From a public health perspective, all individuals at risk of HIV should be encouraged to have an HIV test.

The test

Four blood tests are available:

  1. Enzyme immuno-assay; Enzyme linked immunosorbent assay (EIA; ELISA)
  2. Western blot (WB)
  3. Immunofluorescent assay (IFA)
  4. Radio-immunoprecipitation assay (RIPA)

The most common approach is the use of an EIA test for screening (the initial test) and a western blot for confirmation. It usually takes 7 days for the results to be ready.


There are a wide range of medications that will slow the progression of HIV infection:

Antiretroviral therapy - zidovudine (Retrovir or AZT) is the most widely used and reduces mortality, illness, and the number of opportunistic infections when given in combination with other agents such as ddI or ddC. In Australia, anti-HIV medications are available to people in the following circumstances:

  • A person with a T4 count less than 500;
  • Anyone with an AIDS-related condition;
  • Someone with needle-stick injuries from a known HIV-positive person.

The side-effects of zidovudine treatment can include anaemia, vomiting, insomnia, and myalgia (muscle pain). However, these side-effects are more common on high-dose regimes. The new low-dose regimes have fewer side-effects.

Side-effects of ddI and ddC include inflammation of the pancreas and damage to nerves.

Many new anti-HIV drugs have recently been introduced in Australia. More information about these medications is available on the HIV management in the Diagnosis and Management section doctors.

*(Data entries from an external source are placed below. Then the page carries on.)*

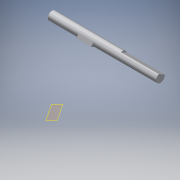
# Autodesk Inventor part: Shaft
Saved by Autodesk Inventor 2017 (Build 210142000, 142)
## iProperties
Created: 2018-02-26
Part Number: Shaft
Material: PAEK Plastic
Document SubType Name: Modeling
Designer: bradl
Density: 1.32 g/cm^3
Appearance: Smooth - White
Author: bradl
Autodesk Inventor part; units mm, degrees
ref_plane "YZ Plane" through (0, 0, 0) normal (1, 0, 0) x (0, 1, 0)
ref_plane "XZ Plane" through (0, 0, 0) normal (0, 1, 0) x (-1, 0, 0)
ref_plane "XY Plane" through (0, 0, 0) normal (0, 0, 1) x (1, 0, 0)
sketch "Sketch1" plane through (0, 0, 0) normal (1, 0, 0) x (0, 1, 0)
  circle A0 centre (0, 0) radius 1.4986
  dimension "d0" = 2.9972
  constraints: 1 centre point, 1 coincident
  measures "d0" diameter of A0
extrude "Extrusion1" add sketch "Sketch1" along normal blind 25.4
ref_plane "Work Plane1" through (7.81, -18.8269, 9.6237) normal (1, 0, 0) x (0, 0.4551504, 0.8904146)
sketch "Sketch2" plane through (7.81, -18.8269, 9.6237) normal (1, 0, 0) x (0, 0.4551504, 0.8904146)
  line L0 (0, -21.144) -> (-1.4986, -21.144) construction
  circle A0 centre (0, -21.144) radius 1.4986 construction
  line L1 (-1.4986, -21.144) -> (-1.4986, -19.6454)
  line L2 (-1.4986, -19.6454) -> (1.4986, -19.6454)
  line L3 (1.4986, -19.6454) -> (1.4986, -21.144)
  line L4 (-1.4986, -21.144) -> (1.4986, -21.144)
  constraints: 10 end point, 2 point on circle, 2 tangent, 1 collinear, 1 perpendicular, 1 vertical
extrude "Extrusion2" add sketch "Sketch2" along normal blind 5.08
sketch "Sketch3" plane through (25.4, 0, 0) normal (1, 0, 0) x (0, 0, -1)
  circle A0 centre (0, 0) radius 1.4986
  constraints: 1 centre point, 1 coincident
extrude "Extrusion3" add sketch "Sketch3" along normal blind 1.27
sketch "Sketch4" plane through (26.67, 0, 0) normal (1, 0, 0) x (0, 0, -1)
  line L0 (-0.5404, 1.3993) -> (1.4507, 0.3815)
  arc A0 (-10.1641, -17.4276) -> (-8.173, -18.4454) centre (-9.6237, -18.8269) ccw
  line L1 (-10.1641, -17.4276) -> (-8.173, -18.4454) projected
  line L2 (-2.0165, -0.6523) -> (-0.6821, -1.3344) projected
  arc A1 (1.4507, 0.3815) -> (-0.5404, 1.3993) centre (0, 0) ccw
  constraints: 4 point on circle, 2 centre point, 2 end point, 1 parallel, 4 other
extrude "Extrusion4" cut sketch "Sketch4" against normal blind 5.08 contours A1 L0
sketch "Sketch5" plane through (26.67, 0, 0) normal (1, 0, 0) x (0, 0, -1)
  line L0 (1.449, 0.3824) -> (-0.5387, 1.3984) projected
  line L1 (1.449, 0.3824) -> (-0.5387, 1.3984) projected
  arc A0 (-0.5387, 1.3984) -> (1.449, 0.3824) centre (0, 0) ccw projected
extrude "Extrusion5" add sketch "Sketch5" along normal blind 7.9375
sketch "Sketch6" plane through (0, 0, 0) normal (-1, 0, 0) x (0, 0, 1)
  arc A0 (-1.3344, -0.6821) -> (0.6821, -1.3344) centre (0, 0) ccw projected
  circle A1 centre (0, 0) radius 1.4986
  constraints: 1 coincident, 3 other
extrude "Extrusion6" add sketch "Sketch6" along normal blind 2.54
body "Solid1"
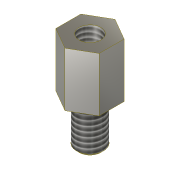
# Autodesk Inventor part: standoff (1466814)
Saved by Autodesk Inventor 2017 (Build 210142000, 142)
## iProperties
Part Number: standoff (1466814)
Material: Generisch
Document SubType Name: Modeling
Designer: ExCISS
Density: 1 g/cm^3
Appearance: Nickel
Author: ExCISS
Autodesk Inventor part; units mm, degrees
ref_plane "YZ Plane" through (0, 0, 0) normal (1, 0, 0) x (0, 1, 0)
ref_plane "XZ Plane" through (0, 0, 0) normal (0, 1, 0) x (-1, 0, 0)
ref_plane "XY Plane" through (0, 0, 0) normal (0, 0, 1) x (1, 0, 0)
sketch "Skizze1" plane through (0, 0, 0) normal (0, 0, 1) x (1, 0, 0)
  line L0 (-2, 0) -> (2, 0) construction
  line L1 (0, 2) -> (0, -2) construction
  line L2 (-2, 1.1547) -> (0, 2.3094)
  line L3 (0, 2.3094) -> (2, 1.1547)
  line L4 (2, 1.1547) -> (2, -1.1547)
  line L5 (2, -1.1547) -> (0, -2.3094)
  line L6 (0, -2.3094) -> (-2, -1.1547)
  line L7 (-2, -1.1547) -> (-2, 1.1547)
  point P0 (0, 0)
  point P1 (0, 0)
  point P2 (0, 0)
  dimension "d0" = 4
  dimension "d1" = 4
  dimension "d2" = 4
  constraints: 16 end point, 2 coincident, 2 midpoint, 1 horizontal, 1 perpendicular, 1 vertical, 13 other
  measures "d0" distance of L0.start L0.end
  measures "d1" distance of L1.start L1.end
  measures "d2" distance between parallel lines of L4 L7
extrude "Extrusion1" add sketch "Skizze1" along normal mid plane 5
sketch "Skizze3" plane through (0, 0, 2.5) normal (0, 0, 1) x (1, 0, 0)
  point P0 (0, 0)
  point P1 (0, 0)
  constraints: 1 coincident
hole "Bohrung1" at (0, 0, 2.5) direction (0, 0, -1) diameter 2.013 depth 3.5 tip angle 118 thread size "M2.5x0.45" class "6H" standard "ISO Metric profile"
sketch "Skizze4" plane through (0, 0, -2.5) normal (0, 0, -1) x (-1, 0, 0)
  circle A0 centre (0, 0) radius 1.25
  dimension "d17" = 2.5
  constraints: 1 centre point, 1 coincident
  measures "d17" diameter of A0
extrude "Extrusion3" add sketch "Skizze4" along normal blind 4
thread "Gewinde2" size "M2.5x0.45" class "6g" standard "ISO Metric profile" full length
chamfer "Fase1" distance 0.25 angle 45 1 edges at (1.25, 0, -6.5)
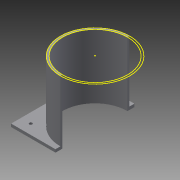
# Autodesk Inventor part: 知能ロボコン発射口ver2.5
Saved by Autodesk Inventor 2013 (Build 170138000, 138)
## iProperties
Created: 2014-06-20
Part Number: 知能ロボコン発射口ver2.5
Material: 一般
Document SubType Name: Modeling
Designer: horumo136
Density: 1 g/cm^3
Author: horumo136
Autodesk Inventor part; units mm, degrees
ref_plane "YZ Plane" through (0, 0, 0) normal (1, 0, 0) x (0, 1, 0)
ref_plane "XZ Plane" through (0, 0, 0) normal (0, 1, 0) x (-1, 0, 0)
ref_plane "XY Plane" through (0, 0, 0) normal (0, 0, 1) x (1, 0, 0)
sketch "スケッチ1" plane through (0, 0, 0) normal (0, 0, 1) x (1, 0, 0)
  circle A0 centre (0, 0) radius 35
  circle A1 centre (0, 0) radius 33
  line L0 (-45, 40) -> (45, 40)
  line L1 (45, 40) -> (45, -40)
  line L2 (45, -40) -> (-45, -40)
  line L3 (-45, -40) -> (-45, 40)
  line L4 (-45, 40) -> (45, -40) construction
  line L5 (45, 40) -> (-45, -40) construction
  dimension "d0" = 70
  dimension "d1" = 66
  dimension "d2" = 90
  dimension "d3" = 80
  constraints: 12 end point, 2 centre point, 2 coincident, 2 midpoint, 2 parallel, 1 horizontal, 1 perpendicular
  measures "d0" diameter of A0
  measures "d1" diameter of A1
  measures "d2" distance of L1.end L2.end
  measures "d3" distance of L0.end L1.end
extrude "押し出し1" add sketch "スケッチ1" along normal blind 3 contours L0 L1 L2 L3
sketch "スケッチ2" plane through (0, 0, 3) normal (0, 0, 1) x (1, 0, 0)
  circle A0 centre (0, 0) radius 35 projected
  circle A1 centre (0, 0) radius 35
  circle A2 centre (0, 0) radius 33
  dimension "d6" = 66
  constraints: 2 centre point, 2 coincident, 1 concentric
  measures "d6" diameter of A2
extrude "押し出し2" add sketch "スケッチ2" along normal blind 3 and the other way blind 3
sketch "スケッチ3" plane through (0, 0, 6) normal (0, 0, 1) x (1, 0, 0)
  circle A0 centre (0, 0) radius 33 projected
  circle A1 centre (0, 0) radius 35 projected
extrude "押し出し3" add sketch "スケッチ3" along normal blind 59
sketch "スケッチ4" plane through (0, 0, 65) normal (0, 0, 1) x (1, 0, 0)
  circle A0 centre (0, 0) radius 33 projected
  circle A1 centre (0, 0) radius 35 projected
sketch "スケッチ5" plane through (0, 0, 0) normal (0, 0, -1) x (-1, 0, 0)
  line L0 (-45, 40) -> (-35, 40)
  line L1 (-35, 40) -> (-35, 30)
  line L2 (-35, 30) -> (-45, 30)
  line L3 (-45, 30) -> (-45, 40)
  line L4 (-45, -40) -> (-35, -40)
  line L5 (-35, -40) -> (-35, -30)
  line L6 (-35, -30) -> (-45, -30)
  line L7 (-45, -30) -> (-45, -40)
  line L8 (45, -40) -> (35, -40)
  line L9 (35, -40) -> (35, -30)
  line L10 (35, -30) -> (45, -30)
  line L11 (45, -30) -> (45, -40)
  line L12 (45, 40) -> (35, 40)
  line L13 (35, 40) -> (35, 30)
  line L14 (35, 30) -> (45, 30)
  line L15 (45, 30) -> (45, 40)
  dimension "d13" = 10
  dimension "d14" = 10
  dimension "d15" = 10
  dimension "d16" = 10
  dimension "d17" = 10
  dimension "d18" = 10
  dimension "d19" = 10
  constraints: 32 end point, 8 parallel, 4 coincident, 4 horizontal, 4 perpendicular
  measures "d13" distance of L1.end L2.end
  measures "d14" distance of L0.end L1.end
  measures "d15" distance of L6.end L5.end
  measures "d16" distance of L5.end L4.end
  measures "d17" distance of L9.end L10.end
  measures "d18" distance of L8.end L9.end
  measures "d19" distance of L14.end L13.end
hole "穴1" at (35, 30, 0) at (-35, 30, 0) at (-35, -30, 0) at (35, -30, 0) direction (0, 0, 1) diameter 3 depth 8 tip angle 118
sketch "スケッチ6" plane through (0, 0, 0) normal (0, 0, -1) x (-1, 0, 0)
  circle A0 centre (-35, 30) radius 1.5 projected
  circle A1 centre (-35, -30) radius 1.5 projected
  line L0 (-45, -40) -> (45, -40) projected
  line L1 (-45, 40) -> (0, 40)
  line L2 (0, 40) -> (0, -40)
  line L3 (0, -40) -> (-45, -40)
  line L4 (-45, -40) -> (-45, 40)
  constraints: 8 end point, 2 parallel, 1 horizontal, 1 midpoint, 1 perpendicular
extrude "押し出し4" cut sketch "スケッチ6" against normal blind 65
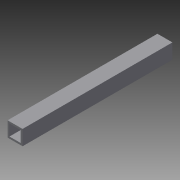
# Autodesk Inventor part: Part3
Saved by Autodesk Inventor 2015 (Build 190159000, 159)
## iProperties
Created: 2015-07-04
Part Number: Part3
Material: Generic
Document SubType Name: Modeling
Designer: tsayman
Density: 1 g/cm^3
Appearance: Default
Author: tsayman
Autodesk Inventor part; units mm, degrees
ref_plane "YZ Plane" through (0, 0, 0) normal (1, 0, 0) x (0, 1, 0)
ref_plane "XZ Plane" through (0, 0, 0) normal (0, 1, 0) x (-1, 0, 0)
ref_plane "XY Plane" through (0, 0, 0) normal (0, 0, 1) x (1, 0, 0)
sketch "Sketch1" plane through (0, 0, 0) normal (0, 1, 0) x (-1, 0, 0)
  line L0 (-34.4448, -75.6525) -> (-9.0448, -75.6525)
  line L1 (-9.0448, -75.6525) -> (-9.0448, -329.6525)
  line L2 (-9.0448, -329.6525) -> (-34.4448, -329.6525)
  line L3 (-34.4448, -329.6525) -> (-34.4448, -75.6525)
  point P0 (0, 0)
  dimension "d0" = 25.4
  dimension "d1" = 254
  constraints: 8 end point, 2 parallel, 1 horizontal, 1 perpendicular
  measures "d0" distance of L1.end L2.end
  measures "d1" distance of L0.end L1.end
extrude "Extrusion1" add sketch "Sketch1" along normal blind 25.4
shell "Shell1" thickness 3.175 removed faces 2 at (25.9782, 8.4667, -75.6525) at (17.5115, 16.9333, -329.6525)
body "Solid1"

Many of the opportunistic infections that occur with AIDS can be treated with medications such as antibiotics, anti viral drugs (aciclovir), and anti malarial medications.

Legal and ethical issues

In South Australia, HIV infection is a notifiable disease, which means that medical practitioners are required by law to notify the HIV Epidemiologist in the Public and Environmental Health Service of the South Australian Health Commission.

Laws cover donor activities, including blood transfusion.

Anti-discrimination laws apply to employment, accommodation, education, and the provision of goods and services. The law applies to any physical impairment, and probably includes asymptomatic HIV infection.

Prevention The Australian Federation of AIDS Organisations (AFAO) has defined safe sex in the following way:

Safe sex is any form of sex in which HIV does not pass from the blood, semen, or vaginal fluids of one person directly into the bloodstream of another person. (AFAO, 1991)

This definition is specific to HIV/AIDS and does not attempt to deal with other STDs.

There is more information about safe sex available at the Safe Sex and Condoms page

HIV-positive people

In addition to providing general support, it is also important to support HIV-positive people in preventing the spread of infection. Counselling on safe sex practices so that individuals are clear about what is and what is not safe, is imperative. Education about clean needle and syringe use is important for people who choose to continue injecting drugs. People should be referred to needle exchange programs.